=== TASK INPUTS ===

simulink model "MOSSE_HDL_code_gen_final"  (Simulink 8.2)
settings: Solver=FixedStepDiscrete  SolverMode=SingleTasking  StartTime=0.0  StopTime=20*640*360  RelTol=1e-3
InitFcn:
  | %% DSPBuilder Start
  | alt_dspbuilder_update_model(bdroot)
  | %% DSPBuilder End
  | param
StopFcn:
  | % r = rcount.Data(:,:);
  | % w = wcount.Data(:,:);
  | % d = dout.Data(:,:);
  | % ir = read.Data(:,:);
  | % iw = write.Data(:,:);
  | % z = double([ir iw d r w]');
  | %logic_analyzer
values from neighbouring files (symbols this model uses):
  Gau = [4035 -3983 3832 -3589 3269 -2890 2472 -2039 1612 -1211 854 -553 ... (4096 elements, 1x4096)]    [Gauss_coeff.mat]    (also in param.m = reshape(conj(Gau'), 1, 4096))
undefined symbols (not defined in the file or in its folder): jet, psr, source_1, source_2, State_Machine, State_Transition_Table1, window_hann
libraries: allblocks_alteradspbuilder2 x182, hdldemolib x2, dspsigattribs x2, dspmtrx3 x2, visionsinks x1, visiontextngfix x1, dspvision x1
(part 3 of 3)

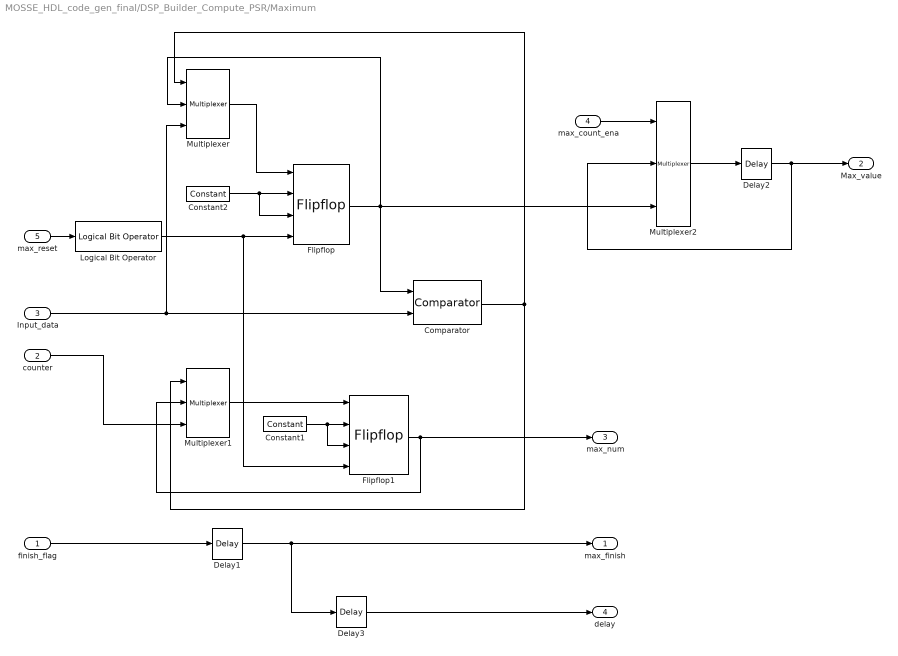
== system MOSSE_HDL_code_gen_final/DSP_Builder_Compute_PSR/Maximum ==
  finish_flag : Inport
  counter : Inport  Port=2
  Input_data : Inport  Port=3
  max_count_ena : Inport  Port=4
  max_reset : Inport  Port=5
  Comparator : allblocks_alteradspbuilder2/Comparator  direction=a < b  pipeline_display=0  allowFloatingPointOverride=on  logOutputs=off  logFile=d:\Project\AutoTracking\model\MOSSE_work\MOSSE_model\MOSSE_Final_models\tb_MOSSE_HDL_final\MOSSE%5FHDL%5Ffinal_DSP%5FBuilder%5FCompute%5FPSR_Maximum_Comparator.fixedpointlog
  Constant1 : allblocks_alteradspbuilder2/Constant  mask_cst=1  BusType=Single Bit  bwl=24  bwr=0  roundMode=Truncate  satMode=Wrap  SpecifyClock=off  allowFloatingPointOverride=on  logOutputs=off  logFile=d:\Project\AutoTracking\model\MOSSE_work\MOSSE_model\MOSSE_Final_models\tb_MOSSE_HDL_final\MOSSE%5FHDL%5Ffinal_DSP%5FBuilder%5FCompute%5FPSR_Maximum_Constant1.fixedpointlog
  Constant2 : allblocks_alteradspbuilder2/Constant  mask_cst=1  BusType=Single Bit  bwl=24  bwr=0  roundMode=Truncate  satMode=Wrap  SpecifyClock=off  allowFloatingPointOverride=on  logOutputs=off  logFile=d:\Project\AutoTracking\model\MOSSE_work\MOSSE_model\MOSSE_Final_models\tb_MOSSE_HDL_final\MOSSE%5FHDL%5Ffinal_DSP%5FBuilder%5FCompute%5FPSR_Maximum_Constant2.fixedpointlog
  Delay1 : allblocks_alteradspbuilder2/Delay  pipeline=2  pipeline_display=2  ClockPhase=1  use_ena=off  use_sclr=off  allowFloatingPointOverride=on  logOutputs=off  logFile=d:\Project\AutoTracking\model\MOSSE_work\MOSSE_model\MOSSE_Final_models\tb_MOSSE_HDL_final\MOSSE%5FHDL%5Ffinal_DSP%5FBuilder%5FCompute%5FPSR_Maximum_Delay1.fixedpointlog  use_init=off  reset_value=1
  Delay2 : allblocks_alteradspbuilder2/Delay  pipeline=1  pipeline_display=1  ClockPhase=1  use_ena=off  use_sclr=off  allowFloatingPointOverride=on  logOutputs=off  logFile=d:\Project\AutoTracking\model\MOSSE_work\MOSSE_model\MOSSE_Final_models\tb_MOSSE_HDL_final\MOSSE%5FHDL%5Ffinal_DSP%5FBuilder%5FCompute%5FPSR_Maximum_Delay2.fixedpointlog  use_init=off  reset_value=1
  Delay3 : allblocks_alteradspbuilder2/Delay  pipeline=1  pipeline_display=1  ClockPhase=1  use_ena=off  use_sclr=off  allowFloatingPointOverride=on  logOutputs=off  logFile=d:\Project\AutoTracking\model\MOSSE_work\MOSSE_model\MOSSE_Final_models\tb_MOSSE_HDL_final\MOSSE%5FHDL%5Ffinal_DSP%5FBuilder%5FCompute%5FPSR_Maximum_Delay3.fixedpointlog  use_init=off  reset_value=1
  Flipflop : allblocks_alteradspbuilder2/Flipflop  mode=DFFE  BusType=Signed Integer  bwl=16  bwr=2  pipeline_display=1
  Flipflop1 : allblocks_alteradspbuilder2/Flipflop  mode=DFFE  BusType=Signed Integer  bwl=16  bwr=2  pipeline_display=1
  Logical Bit Operator : allblocks_alteradspbuilder2/Logical Bit Operator  LogicalOperator=NOT  user_inputs=2  pipeline_display=0
  Multiplexer : allblocks_alteradspbuilder2/Multiplexer  numInputs=2  pipeline=0  oneHot=off  pipeline_display=0  use_ena=off  use_aclr=off  allowFloatingPointOverride=on  logOutputs=off  logFile=d:\Project\AutoTracking\model\MOSSE_work\MOSSE_model\MOSSE_Final_models\tb_MOSSE_HDL_final\MOSSE%5FHDL%5Ffinal_DSP%5FBuilder%5FCompute%5FPSR_Maximum_Multiplexer.fixedpointlog
  Multiplexer1 : allblocks_alteradspbuilder2/Multiplexer  numInputs=2  pipeline=0  oneHot=off  pipeline_display=0  use_ena=off  use_aclr=off  allowFloatingPointOverride=on  logOutputs=off  logFile=d:\Project\AutoTracking\model\MOSSE_work\MOSSE_model\MOSSE_Final_models\tb_MOSSE_HDL_final\MOSSE%5FHDL%5Ffinal_DSP%5FBuilder%5FCompute%5FPSR_Maximum_Multiplexer1.fixedpointlog
  Multiplexer2 : allblocks_alteradspbuilder2/Multiplexer  numInputs=2  pipeline=0  oneHot=off  pipeline_display=0  use_ena=off  use_aclr=off  allowFloatingPointOverride=on  logOutputs=off  logFile=d:\Project\AutoTracking\model\MOSSE_work\MOSSE_model\MOSSE_Final_models\tb_MOSSE_HDL_final\MOSSE%5FHDL%5Ffinal_DSP%5FBuilder%5FCompute%5FPSR_Maximum_Multiplexer2.fixedpointlog
  max_finish : Outport
  Max_value : Outport  Port=2
  max_num : Outport  Port=3
  delay : Outport  Port=4
  wires:
  Comparator/1 -> Multiplexer/1, Multiplexer1/1
  Flipflop/1 -> Comparator/1, Multiplexer2/3, Multiplexer/2
  Multiplexer/1 -> Flipflop/1
  Constant2/1 -> Flipflop/3, Flipflop/2
  Input_data/1 -> Multiplexer/3, Comparator/2
  Flipflop1/1 -> max_num/1, Multiplexer1/2
  Multiplexer1/1 -> Flipflop1/1
  Constant1/1 -> Flipflop1/3, Flipflop1/2
  counter/1 -> Multiplexer1/3
  Delay1/1 -> max_finish/1, Delay3/1
  max_count_ena/1 -> Multiplexer2/1
  Multiplexer2/1 -> Delay2/1
  Delay2/1 -> Multiplexer2/2, Max_value/1
  Delay3/1 -> delay/1
  finish_flag/1 -> Delay1/1
  Logical Bit Operator/1 -> Flipflop1/4, Flipflop/4
  max_reset/1 -> Logical Bit Operator/1

== system MOSSE_HDL_code_gen_final/DSP_Builder_Compute_PSR/Mean1 ==
  finish_flag : Inport
  Input_data : Inport  Port=2
  mean_count_ena : Inport  Port=3
  mean_reset : Inport  Port=4
  Barrel Shifter : allblocks_alteradspbuilder2/Barrel Shifter  BusType=Signed Integer  bwl=32  bwr=8  pipeline=off  infer_distance=off  distance_length=4  ShiftDirection=Shift right  use_ena=off  use_aclr=off  UseDedicatedCircuitry=off  pipeline_display=0  allowFloatingPointOverride=on  logOutputs=off  logFile=d:\Project\AutoTracking\model\MOSSE_work\MOSSE_model\MOSSE_Final_models\tb_MOSSE_HDL_final\MOSSE%5FHDL%5Ffinal_DSP%5FBuilder%5FCompute%5FPSR_Mean1_Barrel+Shifter.fixedpointlog
  Constant2 : allblocks_alteradspbuilder2/Constant  mask_cst=12  BusType=Unsigned Integer  bwl=4  bwr=0  roundMode=Truncate  satMode=Wrap  SpecifyClock=off  allowFloatingPointOverride=on  logOutputs=off  logFile=d:\Project\AutoTracking\model\MOSSE_work\MOSSE_model\MOSSE_Final_models\tb_MOSSE_HDL_final\MOSSE%5FHDL%5Ffinal_DSP%5FBuilder%5FCompute%5FPSR_Mean1_Constant2.fixedpointlog
  Delay1 : allblocks_alteradspbuilder2/Delay  pipeline=1  pipeline_display=1  ClockPhase=1  use_ena=off  use_sclr=off  allowFloatingPointOverride=on  logOutputs=off  logFile=d:\Project\AutoTracking\model\MOSSE_work\MOSSE_model\MOSSE_Final_models\tb_MOSSE_HDL_final\MOSSE%5FHDL%5Ffinal_DSP%5FBuilder%5FCompute%5FPSR_Mean1_Delay1.fixedpointlog  use_init=off  reset_value=1
  Delay2 : allblocks_alteradspbuilder2/Delay  pipeline=1  pipeline_display=1  ClockPhase=1  use_ena=off  use_sclr=off  allowFloatingPointOverride=on  logOutputs=off  logFile=d:\Project\AutoTracking\model\MOSSE_work\MOSSE_model\MOSSE_Final_models\tb_MOSSE_HDL_final\MOSSE%5FHDL%5Ffinal_DSP%5FBuilder%5FCompute%5FPSR_Mean1_Delay2.fixedpointlog  use_init=off  reset_value=1
  Multiplexer2 : allblocks_alteradspbuilder2/Multiplexer  numInputs=2  pipeline=0  oneHot=off  pipeline_display=0  use_ena=off  use_aclr=off  allowFloatingPointOverride=on  logOutputs=off  logFile=d:\Project\AutoTracking\model\MOSSE_work\MOSSE_model\MOSSE_Final_models\tb_MOSSE_HDL_final\MOSSE%5FHDL%5Ffinal_DSP%5FBuilder%5FCompute%5FPSR_Mean1_Multiplexer2.fixedpointlog
  Pipelined Adder : allblocks_alteradspbuilder2/Pipelined Adder  BusType=Signed Integer  bwl=32  bwr=0  pipeline=1  pipeline_display=1  AddSubDirection=ADD  use_cin=off  use_ovl=off  use_addsub=off  use_ena=off  use_aclr=on  or_aclr_inputs=off
  mean_finish : Outport
  mean_value : Outport  Port=2
  wires:
  Constant2/1 -> Barrel Shifter/2
  Pipelined Adder/1 -> Pipelined Adder/1, Barrel Shifter/1
  Input_data/1 -> Pipelined Adder/2
  Barrel Shifter/1 -> Multiplexer2/3
  mean_count_ena/1 -> Multiplexer2/1
  Multiplexer2/1 -> Delay2/1
  Delay2/1 -> mean_value/1, Multiplexer2/2
  finish_flag/1 -> Delay1/1
  Delay1/1 -> mean_finish/1
  mean_reset/1 -> Pipelined Adder/3

== system MOSSE_HDL_code_gen_final/DSP_Builder_Compute_PSR/Psr1 ==
  max : Inport
  mean : Inport  Port=2
  std : Inport  Port=3
  psr_count_ena : Inport  Port=4
  std_finish : Inport  Port=5
  Delay1 : allblocks_alteradspbuilder2/Delay  pipeline=1  pipeline_display=1  ClockPhase=1  use_ena=off  use_sclr=off  allowFloatingPointOverride=on  logOutputs=off  logFile=d:\Project\AutoTracking\model\MOSSE_work\MOSSE_model\MOSSE_Final_models\tb_MOSSE_HDL_final\MOSSE%5FHDL%5Ffinal_DSP%5FBuilder%5FCompute%5FPSR_Psr1_Delay1.fixedpointlog  use_init=off  reset_value=1
  Delay2 : allblocks_alteradspbuilder2/Delay  pipeline=1  pipeline_display=1  ClockPhase=1  use_ena=off  use_sclr=off  allowFloatingPointOverride=on  logOutputs=off  logFile=d:\Project\AutoTracking\model\MOSSE_work\MOSSE_model\MOSSE_Final_models\tb_MOSSE_HDL_final\MOSSE%5FHDL%5Ffinal_DSP%5FBuilder%5FCompute%5FPSR_Psr1_Delay2.fixedpointlog  use_init=off  reset_value=1
  Divider : allblocks_alteradspbuilder2/Divider  BusType=Signed Integer  bwl=32  bwr=0  pipeline=0  pipeline_display=0  use_ena=off  use_aclr=off
  Multiplexer3 : allblocks_alteradspbuilder2/Multiplexer  numInputs=2  pipeline=0  oneHot=off  pipeline_display=0  use_ena=off  use_aclr=off  allowFloatingPointOverride=on  logOutputs=off  logFile=d:\Project\AutoTracking\model\MOSSE_work\MOSSE_model\MOSSE_Final_models\tb_MOSSE_HDL_final\MOSSE%5FHDL%5Ffinal_DSP%5FBuilder%5FCompute%5FPSR_Psr1_Multiplexer3.fixedpointlog
  Pipelined Adder : allblocks_alteradspbuilder2/Pipelined Adder  BusType=Signed Integer  bwl=32  bwr=0  pipeline=0  pipeline_display=0  AddSubDirection=SUB  use_cin=off  use_ovl=off  use_addsub=off  use_ena=off  use_aclr=off  or_aclr_inputs=on
  Psr_finish : Outport
  psr : Outport  Port=2
  wires:
  Pipelined Adder/1 -> Divider/1
  Divider/1 -> Multiplexer3/3
  max/1 -> Pipelined Adder/1
  mean/1 -> Pipelined Adder/2
  std/1 -> Divider/2
  psr_count_ena/1 -> Multiplexer3/1
  Multiplexer3/1 -> Delay2/1
  Delay2/1 -> psr/1, Multiplexer3/2
  std_finish/1 -> Delay1/1
  Delay1/1 -> Psr_finish/1

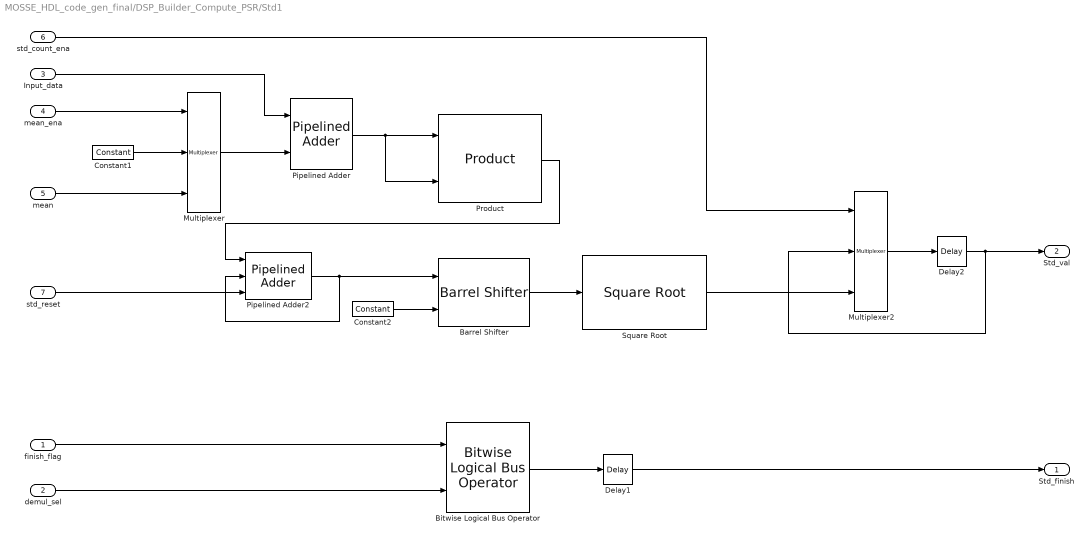
== system MOSSE_HDL_code_gen_final/DSP_Builder_Compute_PSR/Std1 ==
  finish_flag : Inport
  demul_sel : Inport  Port=2
  Input_data : Inport  Port=3
  mean_ena : Inport  Port=4
  mean : Inport  Port=5
  std_count_ena : Inport  Port=6
  std_reset : Inport  Port=7
  Barrel Shifter : allblocks_alteradspbuilder2/Barrel Shifter  BusType=Signed Integer  bwl=44  bwr=8  pipeline=off  infer_distance=off  distance_length=4  ShiftDirection=Shift right  use_ena=off  use_aclr=off  UseDedicatedCircuitry=off  pipeline_display=0  allowFloatingPointOverride=on  logOutputs=off  logFile=d:\Project\AutoTracking\model\MOSSE_work\MOSSE_model\MOSSE_Final_models\tb_MOSSE_HDL_final\MOSSE%5FHDL%5Ffinal_DSP%5FBuilder%5FCompute%5FPSR_Std1_Barrel+Shifter.fixedpointlog
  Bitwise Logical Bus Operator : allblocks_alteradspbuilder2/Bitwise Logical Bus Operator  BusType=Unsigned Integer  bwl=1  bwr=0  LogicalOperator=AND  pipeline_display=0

===

## WHAT YOU NEED TO DO
Gather all lines of the records that include the word "Wrap".

## WORKED SOLUTION
  Constant1 : allblocks_alteradspbuilder2/Constant  mask_cst=1  BusType=Single Bit  bwl=24  bwr=0  roundMode=Truncate  satMode=Wrap  SpecifyClock=off  allowFloatingPointOverride=on  logOutputs=off  logFile=d:\Project\AutoTracking\model\MOSSE_work\MOSSE_model\MOSSE_Final_models\tb_MOSSE_HDL_final\MOSSE%5FHDL%5Ffinal_DSP%5FBuilder%5FCompute%5FPSR_Maximum_Constant1.fixedpointlog
  Constant2 : allblocks_alteradspbuilder2/Constant  mask_cst=1  BusType=Single Bit  bwl=24  bwr=0  roundMode=Truncate  satMode=Wrap  SpecifyClock=off  allowFloatingPointOverride=on  logOutputs=off  logFile=d:\Project\AutoTracking\model\MOSSE_work\MOSSE_model\MOSSE_Final_models\tb_MOSSE_HDL_final\MOSSE%5FHDL%5Ffinal_DSP%5FBuilder%5FCompute%5FPSR_Maximum_Constant2.fixedpointlog
  Constant2 : allblocks_alteradspbuilder2/Constant  mask_cst=12  BusType=Unsigned Integer  bwl=4  bwr=0  roundMode=Truncate  satMode=Wrap  SpecifyClock=off  allowFloatingPointOverride=on  logOutputs=off  logFile=d:\Project\AutoTracking\model\MOSSE_work\MOSSE_model\MOSSE_Final_models\tb_MOSSE_HDL_final\MOSSE%5FHDL%5Ffinal_DSP%5FBuilder%5FCompute%5FPSR_Mean1_Constant2.fixedpointlog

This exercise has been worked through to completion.